▶ [Work order]: From the records below, extract only the lines running from the line with "I_Bus_Selr/27 -> EISGov_SelectParameter/27" to the line with "I_Bus_Selr/30 -> EISGov_SelectParameter/30", both lines included, reproducing them exactly.

▶ [Data in this exercise]:

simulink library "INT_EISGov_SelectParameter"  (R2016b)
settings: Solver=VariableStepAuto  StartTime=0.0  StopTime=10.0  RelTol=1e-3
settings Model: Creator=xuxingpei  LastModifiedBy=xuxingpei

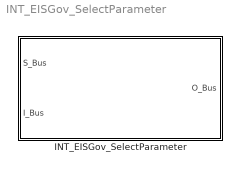
== system INT_EISGov_SelectParameter ==
  INT_EISGov_SelectParameter : Subsystem

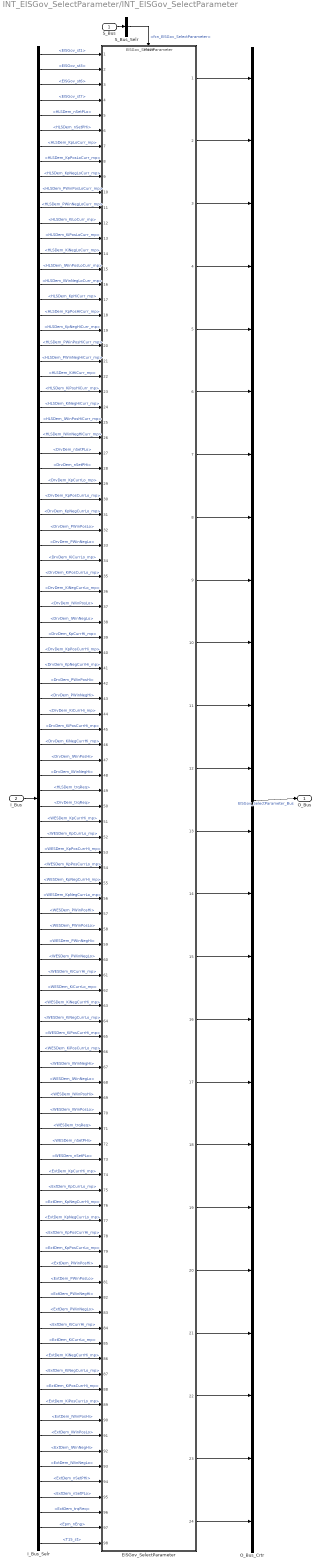
== system INT_EISGov_SelectParameter/INT_EISGov_SelectParameter ==
  S_Bus : Inport
  I_Bus : Inport  Port=2
  EISGov_SelectParameter : ModelReference  ModelNameDialog=EISGov_SelectParameter  SimulationMode=Normal  ModelReferenceVersion=1.180  TriggerPortName=function  TriggerPortTriggerType=function-call  TriggerPortStatesWhenEnabling=held
  I_Bus_Selr : BusSelector  OutputSignals=EISGov_st1,EISGov_st3,EISGov_st6,EISGov_st7,HLSDem_nSetPLo,HLSDem_nSetPHi,HLSDem_KpLoCurr_mp,HLSDem_KpPosLoCurr_mp,HLSDem_KpNegLoCurr_mp,HLSDem_PWinPosLoCurr_mp,HLSDem_PWinNegLoCurr_mp,HLSDem_KiLoCurr_mp,HLSDem_KiPosLoCurr_mp,HLSDem_KiNegLoCurr_mp,HLSDem_IWinPosLoCurr_mp,HLSDem_IWinNegLoCurr_mp,HLSDem_KpHiCurr_mp,HLSDem_KpPosHiCurr_mp,HLSDem_KpNegHiCurr_mp,HLSDem_PWinPosHiCurr_mp,HLSDem_PWinNegHiCurr_mp,HLSDem_KiHiCurr_mp,HLSDem_KiPosHiCurr_mp,HLSDem_KiNegHiCurr_mp,HLSDem_IWinPosHiCurr_mp,HLSDem_IWinNegHiCurr_mp,DrvDem_nSetPLo,DrvDem_nSetPHi,DrvDem_KpCurrLo_mp,DrvDem_KpPosCurrLo_mp,DrvDem_KpNegCurrLo_mp,DrvDem_PWinPosLo,DrvDem_PWinNegLo,DrvDem_KiCurrLo_mp,DrvDem_KiPosCurrLo_mp,DrvDem_KiNegCurrLo_mp,DrvDem_IWinPosLo,DrvDem_IWinNegLo,DrvDem_KpCurrHi_mp,DrvDem_KpPosCurrHi_mp,DrvDem_KpNegCurrHi_mp,DrvDem_PWinPosHi,DrvDem_PWinNegHi,DrvDem_KiCurrHi_mp,DrvDem_KiPosCurrHi_mp,DrvDem_KiNegCurrHi_mp,DrvDem_IWinPosHi,DrvDem_IWinNegHi,HLSDem_trqReq,DrvDem_trqReq,WESDem_KpCurrHi_mp,WESDem_KpCurrLo_mp,WESDem_KpPosCurrHi_mp,WESDem_KpPosCurrLo_mp,WESDem_KpNegCurrHi_mp,WESDem_KpNegCurrLo_mp,WESDem_PWinPosHi,WESDem_PWinPosLo,WESDem_PWinNegHi,WESDem_PWinNegLo,WESDem_KiCurrHi_mp,WESDem_KiCurrLo_mp,WESDem_KiNegCurrHi_mp,WESDem_KiNegCurrLo_mp,WESDem_KiPosCurrHi_mp,WESDem_KiPosCurrLo_mp,WESDem_IWinNegHi,WESDem_IWinNegLo,WESDem_IWinPosHi,WESDem_IWinPosLo,WESDem_trqReq,WESDem_nSetPHi,WESDem_nSetPLo,ExtDem_KpCurrHi_mp,ExtDem_KpCurrLo_mp,ExtDem_KpNegCurrHi_mp,ExtDem_KpNegCurrLo_mp,ExtDem_KpPosCurrHi_mp,ExtDem_KpPosCurrLo_mp,ExtDem_PWinPosHi,ExtDem_PWinPosLo,ExtDem_PWinNegHi,ExtDem_PWinNegLo,ExtDem_KiCurrHi_mp,ExtDem_KiCurrLo_mp,ExtDem_KiNegCurrHi_mp,ExtDem_KiNegCurrLo_mp,ExtDem_KiPosCurrHi_mp,ExtDem_KiPosCurrLo_mp,ExtDem_IWinPosHi,ExtDem_IWinPosLo,ExtDem_IWinNegHi,ExtDem_IWinNegLo,ExtDem_nSetPHi,ExtDem_nSetPLo,ExtDem_trqReq,Epm_nEng,T15_st
  O_Bus_Crtr : BusCreator  Inputs=24
  S_Bus_Selr : BusSelector  OutputSignals=fcn_EISGov_SelectParameter
  O_Bus : Outport
  wires:
  S_Bus_Selr/1 -> EISGov_SelectParameter/Trigger  "<fcn_EISGov_SelectParameter>"
  S_Bus/1 -> S_Bus_Selr/1
  I_Bus/1 -> I_Bus_Selr/1
  I_Bus_Selr/1 -> EISGov_SelectParameter/1  "<EISGov_st1>"
  I_Bus_Selr/2 -> EISGov_SelectParameter/2  "<EISGov_st3>"
  I_Bus_Selr/3 -> EISGov_SelectParameter/3  "<EISGov_st6>"
  I_Bus_Selr/4 -> EISGov_SelectParameter/4  "<EISGov_st7>"
  I_Bus_Selr/5 -> EISGov_SelectParameter/5  "<HLSDem_nSetPLo>"
  I_Bus_Selr/6 -> EISGov_SelectParameter/6  "<HLSDem_nSetPHi>"
  I_Bus_Selr/7 -> EISGov_SelectParameter/7  "<HLSDem_KpLoCurr_mp>"
  I_Bus_Selr/8 -> EISGov_SelectParameter/8  "<HLSDem_KpPosLoCurr_mp>"
  I_Bus_Selr/9 -> EISGov_SelectParameter/9  "<HLSDem_KpNegLoCurr_mp>"
  I_Bus_Selr/10 -> EISGov_SelectParameter/10  "<HLSDem_PWinPosLoCurr_mp>"
  I_Bus_Selr/11 -> EISGov_SelectParameter/11  "<HLSDem_PWinNegLoCurr_mp>"
  I_Bus_Selr/12 -> EISGov_SelectParameter/12  "<HLSDem_KiLoCurr_mp>"
  I_Bus_Selr/13 -> EISGov_SelectParameter/13  "<HLSDem_KiPosLoCurr_mp>"
  I_Bus_Selr/14 -> EISGov_SelectParameter/14  "<HLSDem_KiNegLoCurr_mp>"
  I_Bus_Selr/15 -> EISGov_SelectParameter/15  "<HLSDem_IWinPosLoCurr_mp>"
  I_Bus_Selr/16 -> EISGov_SelectParameter/16  "<HLSDem_IWinNegLoCurr_mp>"
  I_Bus_Selr/17 -> EISGov_SelectParameter/17  "<HLSDem_KpHiCurr_mp>"
  I_Bus_Selr/18 -> EISGov_SelectParameter/18  "<HLSDem_KpPosHiCurr_mp>"
  I_Bus_Selr/19 -> EISGov_SelectParameter/19  "<HLSDem_KpNegHiCurr_mp>"
  I_Bus_Selr/20 -> EISGov_SelectParameter/20  "<HLSDem_PWinPosHiCurr_mp>"
  I_Bus_Selr/21 -> EISGov_SelectParameter/21  "<HLSDem_PWinNegHiCurr_mp>"
  I_Bus_Selr/22 -> EISGov_SelectParameter/22  "<HLSDem_KiHiCurr_mp>"
  I_Bus_Selr/23 -> EISGov_SelectParameter/23  "<HLSDem_KiPosHiCurr_mp>"
  I_Bus_Selr/24 -> EISGov_SelectParameter/24  "<HLSDem_KiNegHiCurr_mp>"
  I_Bus_Selr/25 -> EISGov_SelectParameter/25  "<HLSDem_IWinPosHiCurr_mp>"
  I_Bus_Selr/26 -> EISGov_SelectParameter/26  "<HLSDem_IWinNegHiCurr_mp>"
  I_Bus_Selr/27 -> EISGov_SelectParameter/27  "<DrvDem_nSetPLo>"
  I_Bus_Selr/28 -> EISGov_SelectParameter/28  "<DrvDem_nSetPHi>"
  I_Bus_Selr/29 -> EISGov_SelectParameter/29  "<DrvDem_KpCurrLo_mp>"
  I_Bus_Selr/30 -> EISGov_SelectParameter/30  "<DrvDem_KpPosCurrLo_mp>"
  I_Bus_Selr/31 -> EISGov_SelectParameter/31  "<DrvDem_KpNegCurrLo_mp>"
  I_Bus_Selr/32 -> EISGov_SelectParameter/32  "<DrvDem_PWinPosLo>"
  I_Bus_Selr/33 -> EISGov_SelectParameter/33  "<DrvDem_PWinNegLo>"
  I_Bus_Selr/34 -> EISGov_SelectParameter/34  "<DrvDem_KiCurrLo_mp>"
  I_Bus_Selr/35 -> EISGov_SelectParameter/35  "<DrvDem_KiPosCurrLo_mp>"
  I_Bus_Selr/36 -> EISGov_SelectParameter/36  "<DrvDem_KiNegCurrLo_mp>"
  I_Bus_Selr/37 -> EISGov_SelectParameter/37  "<DrvDem_IWinPosLo>"
  I_Bus_Selr/38 -> EISGov_SelectParameter/38  "<DrvDem_IWinNegLo>"
  I_Bus_Selr/39 -> EISGov_SelectParameter/39  "<DrvDem_KpCurrHi_mp>"
  I_Bus_Selr/40 -> EISGov_SelectParameter/40  "<DrvDem_KpPosCurrHi_mp>"
  I_Bus_Selr/41 -> EISGov_SelectParameter/41  "<DrvDem_KpNegCurrHi_mp>"
  I_Bus_Selr/42 -> EISGov_SelectParameter/42  "<DrvDem_PWinPosHi>"
  I_Bus_Selr/43 -> EISGov_SelectParameter/43  "<DrvDem_PWinNegHi>"
  I_Bus_Selr/44 -> EISGov_SelectParameter/44  "<DrvDem_KiCurrHi_mp>"
  I_Bus_Selr/45 -> EISGov_SelectParameter/45  "<DrvDem_KiPosCurrHi_mp>"
  I_Bus_Selr/46 -> EISGov_SelectParameter/46  "<DrvDem_KiNegCurrHi_mp>"
  I_Bus_Selr/47 -> EISGov_SelectParameter/47  "<DrvDem_IWinPosHi>"
  I_Bus_Selr/48 -> EISGov_SelectParameter/48  "<DrvDem_IWinNegHi>"
  I_Bus_Selr/49 -> EISGov_SelectParameter/49  "<HLSDem_trqReq>"
  I_Bus_Selr/50 -> EISGov_SelectParameter/50  "<DrvDem_trqReq>"
  I_Bus_Selr/51 -> EISGov_SelectParameter/51  "<WESDem_KpCurrHi_mp>"
  I_Bus_Selr/52 -> EISGov_SelectParameter/52  "<WESDem_KpCurrLo_mp>"
  I_Bus_Selr/53 -> EISGov_SelectParameter/53  "<WESDem_KpPosCurrHi_mp>"
  I_Bus_Selr/54 -> EISGov_SelectParameter/54  "<WESDem_KpPosCurrLo_mp>"
  I_Bus_Selr/55 -> EISGov_SelectParameter/55  "<WESDem_KpNegCurrHi_mp>"
  I_Bus_Selr/56 -> EISGov_SelectParameter/56  "<WESDem_KpNegCurrLo_mp>"
  I_Bus_Selr/57 -> EISGov_SelectParameter/57  "<WESDem_PWinPosHi>"
  I_Bus_Selr/58 -> EISGov_SelectParameter/58  "<WESDem_PWinPosLo>"
  I_Bus_Selr/59 -> EISGov_SelectParameter/59  "<WESDem_PWinNegHi>"
  I_Bus_Selr/60 -> EISGov_SelectParameter/60  "<WESDem_PWinNegLo>"
  I_Bus_Selr/61 -> EISGov_SelectParameter/61  "<WESDem_KiCurrHi_mp>"
  I_Bus_Selr/62 -> EISGov_SelectParameter/62  "<WESDem_KiCurrLo_mp>"
  I_Bus_Selr/63 -> EISGov_SelectParameter/63  "<WESDem_KiNegCurrHi_mp>"
  I_Bus_Selr/64 -> EISGov_SelectParameter/64  "<WESDem_KiNegCurrLo_mp>"
  I_Bus_Selr/65 -> EISGov_SelectParameter/65  "<WESDem_KiPosCurrHi_mp>"
  I_Bus_Selr/66 -> EISGov_SelectParameter/66  "<WESDem_KiPosCurrLo_mp>"
  I_Bus_Selr/67 -> EISGov_SelectParameter/67  "<WESDem_IWinNegHi>"
  I_Bus_Selr/68 -> EISGov_SelectParameter/68  "<WESDem_IWinNegLo>"
  I_Bus_Selr/69 -> EISGov_SelectParameter/69  "<WESDem_IWinPosHi>"
  I_Bus_Selr/70 -> EISGov_SelectParameter/70  "<WESDem_IWinPosLo>"
  I_Bus_Selr/71 -> EISGov_SelectParameter/71  "<WESDem_trqReq>"
  I_Bus_Selr/72 -> EISGov_SelectParameter/72  "<WESDem_nSetPHi>"
  I_Bus_Selr/73 -> EISGov_SelectParameter/73  "<WESDem_nSetPLo>"
  I_Bus_Selr/74 -> EISGov_SelectParameter/74  "<ExtDem_KpCurrHi_mp>"
  I_Bus_Selr/75 -> EISGov_SelectParameter/75  "<ExtDem_KpCurrLo_mp>"
  I_Bus_Selr/76 -> EISGov_SelectParameter/76  "<ExtDem_KpNegCurrHi_mp>"
  I_Bus_Selr/77 -> EISGov_SelectParameter/77  "<ExtDem_KpNegCurrLo_mp>"
  I_Bus_Selr/78 -> EISGov_SelectParameter/78  "<ExtDem_KpPosCurrHi_mp>"
  I_Bus_Selr/79 -> EISGov_SelectParameter/79  "<ExtDem_KpPosCurrLo_mp>"
  I_Bus_Selr/80 -> EISGov_SelectParameter/80  "<ExtDem_PWinPosHi>"
  I_Bus_Selr/81 -> EISGov_SelectParameter/81  "<ExtDem_PWinPosLo>"
  I_Bus_Selr/82 -> EISGov_SelectParameter/82  "<ExtDem_PWinNegHi>"
  I_Bus_Selr/83 -> EISGov_SelectParameter/83  "<ExtDem_PWinNegLo>"
  I_Bus_Selr/84 -> EISGov_SelectParameter/84  "<ExtDem_KiCurrHi_mp>"
  I_Bus_Selr/85 -> EISGov_SelectParameter/85  "<ExtDem_KiCurrLo_mp>"
  I_Bus_Selr/86 -> EISGov_SelectParameter/86  "<ExtDem_KiNegCurrHi_mp>"
  I_Bus_Selr/87 -> EISGov_SelectParameter/87  "<ExtDem_KiNegCurrLo_mp>"
  I_Bus_Selr/88 -> EISGov_SelectParameter/88  "<ExtDem_KiPosCurrHi_mp>"
  I_Bus_Selr/89 -> EISGov_SelectParameter/89  "<ExtDem_KiPosCurrLo_mp>"
  I_Bus_Selr/90 -> EISGov_SelectParameter/90  "<ExtDem_IWinPosHi>"
  I_Bus_Selr/91 -> EISGov_SelectParameter/91  "<ExtDem_IWinPosLo>"
  I_Bus_Selr/92 -> EISGov_SelectParameter/92  "<ExtDem_IWinNegHi>"
  I_Bus_Selr/93 -> EISGov_SelectParameter/93  "<ExtDem_IWinNegLo>"
  I_Bus_Selr/94 -> EISGov_SelectParameter/94  "<ExtDem_nSetPHi>"
  I_Bus_Selr/95 -> EISGov_SelectParameter/95  "<ExtDem_nSetPLo>"
  I_Bus_Selr/96 -> EISGov_SelectParameter/96  "<ExtDem_trqReq>"
  I_Bus_Selr/97 -> EISGov_SelectParameter/97  "<Epm_nEng>"
  I_Bus_Selr/98 -> EISGov_SelectParameter/98  "<T15_st>"
  O_Bus_Crtr/1 -> O_Bus/1  "EISGov_SelectParameter_Bus"
  EISGov_SelectParameter/1 -> O_Bus_Crtr/1
  EISGov_SelectParameter/2 -> O_Bus_Crtr/2
  EISGov_SelectParameter/3 -> O_Bus_Crtr/3
  EISGov_SelectParameter/4 -> O_Bus_Crtr/4
  EISGov_SelectParameter/5 -> O_Bus_Crtr/5
  EISGov_SelectParameter/6 -> O_Bus_Crtr/6
  EISGov_SelectParameter/7 -> O_Bus_Crtr/7
  EISGov_SelectParameter/8 -> O_Bus_Crtr/8
  EISGov_SelectParameter/9 -> O_Bus_Crtr/9
  EISGov_SelectParameter/10 -> O_Bus_Crtr/10
  EISGov_SelectParameter/11 -> O_Bus_Crtr/11
  EISGov_SelectParameter/12 -> O_Bus_Crtr/12
  EISGov_SelectParameter/13 -> O_Bus_Crtr/13
  EISGov_SelectParameter/14 -> O_Bus_Crtr/14
  EISGov_SelectParameter/15 -> O_Bus_Crtr/15
  EISGov_SelectParameter/16 -> O_Bus_Crtr/16
  EISGov_SelectParameter/17 -> O_Bus_Crtr/17
  EISGov_SelectParameter/18 -> O_Bus_Crtr/18
  EISGov_SelectParameter/19 -> O_Bus_Crtr/19
  EISGov_SelectParameter/20 -> O_Bus_Crtr/20
  EISGov_SelectParameter/21 -> O_Bus_Crtr/21
  EISGov_SelectParameter/22 -> O_Bus_Crtr/22
  EISGov_SelectParameter/23 -> O_Bus_Crtr/23
  EISGov_SelectParameter/24 -> O_Bus_Crtr/24

▶ [Task result]:
  I_Bus_Selr/27 -> EISGov_SelectParameter/27  "<DrvDem_nSetPLo>"
  I_Bus_Selr/28 -> EISGov_SelectParameter/28  "<DrvDem_nSetPHi>"
  I_Bus_Selr/29 -> EISGov_SelectParameter/29  "<DrvDem_KpCurrLo_mp>"
  I_Bus_Selr/30 -> EISGov_SelectParameter/30  "<DrvDem_KpPosCurrLo_mp>"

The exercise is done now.